In this way, the EL display element of the present invention shown in FIG. 1 is obtained. In such an EL display element, only a portion adjacent to a pixel sandwiched between opposing electrode pairs and which should not emit light is set as a non-emissive region 10 to increase crystal grain boundaries and disturb crystallinity. Therefore, the mean free path of electrons becomes short in the non-emissive region, and the electrons are no longer sufficiently accelerated, the generation of hot electrons is suppressed, and no light is emitted.

Furthermore, although the EL display elements of the above embodiments are AC type having an insulating layer or dielectric layer between the electrodes and the EL layer, it is also a DC type having no insulating layer between the electrodes and the EL layer. It can also be applied to EL display elements.

Effects of the Invention As described above, according to the EL display element of the present invention, since the non-light emitting region with disordered crystallinity surrounding the light emitting region of the EL layer is formed in the same EL layer, only the light emitting region emits light. , the "bleeding" of the light emission around the light emitting area is suppressed, and a finer image can be obtained.

FIG. 2 is an enlarged partial perspective sectional view of an element substrate during manufacture of an EL display element according to the present invention, FIG. 3 is a partial sectional view of a conventional EL display element, and FIG. 4 is a partial plan view of a conventional EL display element. be.

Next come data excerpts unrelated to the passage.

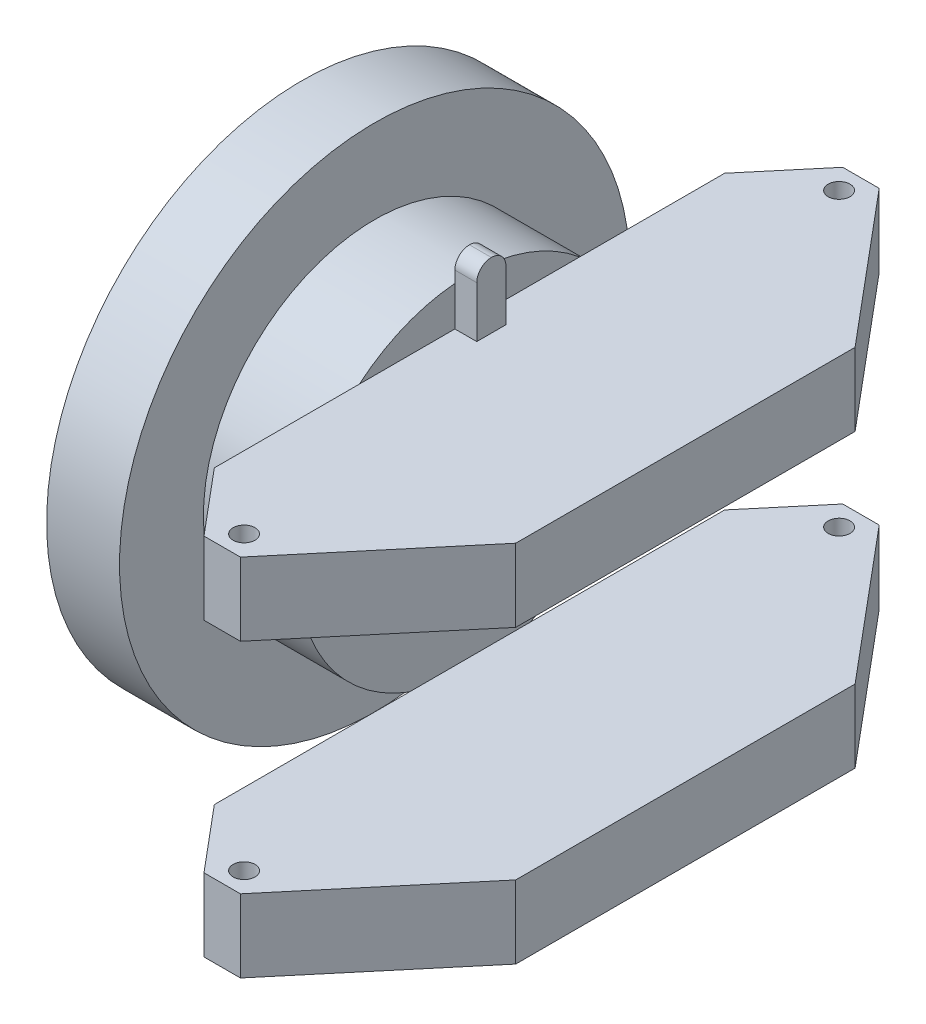
SolidWorks part; units mm, degrees
ref_plane "Front Plane" through (0, 0, 0) normal (0, 0, 1) x (1, 0, 0)
ref_plane "Top Plane" through (0, 0, 0) normal (0, 1, 0) x (1, 0, 0)
ref_plane "Right Plane" through (0, 0, 0) normal (1, 0, 0) x (0, 0, -1)
sketch "Sketch1" plane through (0, 0, 0) normal (1, 0, 0) x (0, 0, -1)
  circle A0 centre (0, 0) radius 35
  dimension "D1" = 70
extrude "Boss-Extrude1" add sketch "Sketch1" along normal blind 10
sketch "Sketch2" plane through (10, 0, 0) normal (1, 0, 0) x (0, 0, -1)
  circle A0 centre (0, 0) radius 23.5
  dimension "D1" = 47
extrude "Boss-Extrude2" add sketch "Sketch2" along normal blind 13
ref_plane "Plane1" through (0, 13, 0) normal (0, 1, 0) x (1, 0, 0)
sketch "Sketch4" plane through (0, 13, 0) normal (0, 1, 0) x (1, 0, 0)
  line L0 (23, 35) -> (23, -35)
  line L1 (23, -23.5) -> (23, 23.5) construction
  line L2 (23, -35) -> (30.3921, -43.8095)
  line L3 (30.3921, -43.8095) -> (35.3921, -43.8095)
  line L4 (35.3921, -43.8095) -> (52.6219, -23.2758)
  line L5 (35.3921, -43.8095) -> (41.9349, -43.8095) construction
  line L6 (52.6219, 23.2758) -> (52.6219, -23.2758)
  line L8 (23, 0) -> (71.9804, 0) construction
  line L9 (23, 35) -> (51.1049, 35) construction
  line L10 (23, 35) -> (30.3921, 43.8095)
  line L12 (35.3921, 43.8095) -> (52.6219, 23.2758)
  line L13 (30.3921, 43.8095) -> (35.3921, 43.8095)
  line L14 (23, -23.2758) -> (52.6219, -23.2758) construction
  dimension "D1" = 35
  dimension "D2" = 11.5
  dimension "D3" = 40
  dimension "D4" = 5
  dimension "D5" = 50
extrude "Boss-Extrude3" add sketch "Sketch4" along normal mid plane 10
sketch "Sketch5" plane through (0, 18, 0) normal (0, 1, 0) x (1, 0, 0)
  line L0 (32.8921, -43.8095) -> (32.8921, -40.8095) construction
  line L1 (30.3921, -43.8095) -> (35.3921, -43.8095) construction
  circle A0 centre (32.8921, -40.8095) radius 1.5
  dimension "D1" = 3
  dimension "D2" = 3
extrude "Cut-Extrude1" cut sketch "Sketch5" against normal through all
mirror "Mirror1" about plane through (0, 0, 0) normal (0, 0, 1) of "Cut-Extrude1"
sketch "Sketch6" plane through (10, 0, 0) normal (1, 0, 0) x (0, 0, -1)
  point P6 (0, 20.25)
sketch "Sketch9" plane through (23, 0, 0) normal (1, 0, 0) x (0, 0, -1)
  line L0 (0, 27) -> (0, 18) construction
  line L2 (15.1079, 18) -> (-15.1079, 18) construction
  line L4 (-2, 27) -> (2, 27)
  line L5 (-2, 27) -> (-2, 18)
  line L6 (-2, 18) -> (2, 18)
  line L7 (2, 27) -> (2, 18)
  line L8 (-2, 27) -> (2, 18) construction
  line L9 (-2, 18) -> (2, 27) construction
  point P4 (0, 22.5)
  dimension "D1" = 9
  dimension "D2" = 2
extrude "Boss-Extrude8" add sketch "Sketch9" along normal blind 3
fillet "Fillet3" radius 2 2 edges at (24.5, 27, -2) (24.5, 27, 2)
sketch "Sketch11" plane through (0, 0, 0) normal (-1, 0, 0) x (0, 0, 1)
  circle A0 centre (0, 0) radius 10
  dimension "D1" = 20
extrude "Cut-Extrude2" cut sketch "Sketch11" against normal blind 10
ref_plane "Plane3" through (0, -7, 0) normal (0, -1, 0) x (-1, 0, 0)
mirror "Mirror2" about plane through (0, -7, 0) normal (0, -1, 0) of "Cut-Extrude1", "Mirror1", "Boss-Extrude8", "Boss-Extrude3", "Fillet3"

Explanation of symbols of main parts 1... Board 2...Transparent electrode 3.5...Insulator layer 4...EL layer 6... Electrode 10...Non-luminous area 15... Light emitting area

Claims (4)

[Claims] (1) having at least a pair of electrodes facing each other and an electroluminescent layer disposed between the electrodes;
An electroluminescent display element whose light emitting region is a portion of the electroluminescent layer sandwiched by the electrodes, wherein the electroluminescent layer is made of a crystalline electroluminescent material consisting of a host substance and a luminescent center substance; An electroluminescent display element characterized by having a non-light-emitting region with disordered crystallinity surrounding a light-emitting region. (2) The host material is ZnS, the luminescent center material is a material selected from the group consisting of Sm, Mn, Tb, and Tm, and the non-luminescent region further contains impurities. The electroluminescent display element described above. (3) having at least a pair of electrodes facing each other and an electroluminescent layer disposed between the electrodes;
A method for manufacturing an electroluminescent display element in which a portion of the electroluminescent layer sandwiched by the electrodes is a light emitting region, comprising: a first electrode layer forming step of forming a first electrode layer on the substrate; an electroluminescent layer forming step of forming a crystalline electroluminescent layer consisting of a host substance and a luminescent center substance on a substrate; and the electroluminescent layer that partially covers the electroluminescent layer to form the light emitting region. Expose the area around the
a non-light-emitting region forming step of injecting an impurity into the exposed portion to partially disrupt the crystallinity of the electroluminescent layer to form a non-light-emitting region with disordered crystallinity surrounding the light-emitting region; a second electrode layer forming step of forming a second electrode layer on the electroluminescent layer in accordance with the method of manufacturing an electroluminescent display element. (4) A first insulating layer is formed between the first electrode layer forming step and the electroluminescent layer forming step.
Claim 3, further comprising an insulating layer forming step, and a second insulating layer forming step of forming a second insulating layer between the non-light emitting region forming step and the second electrode layer forming step. A method of manufacturing the electroluminescent display element described above.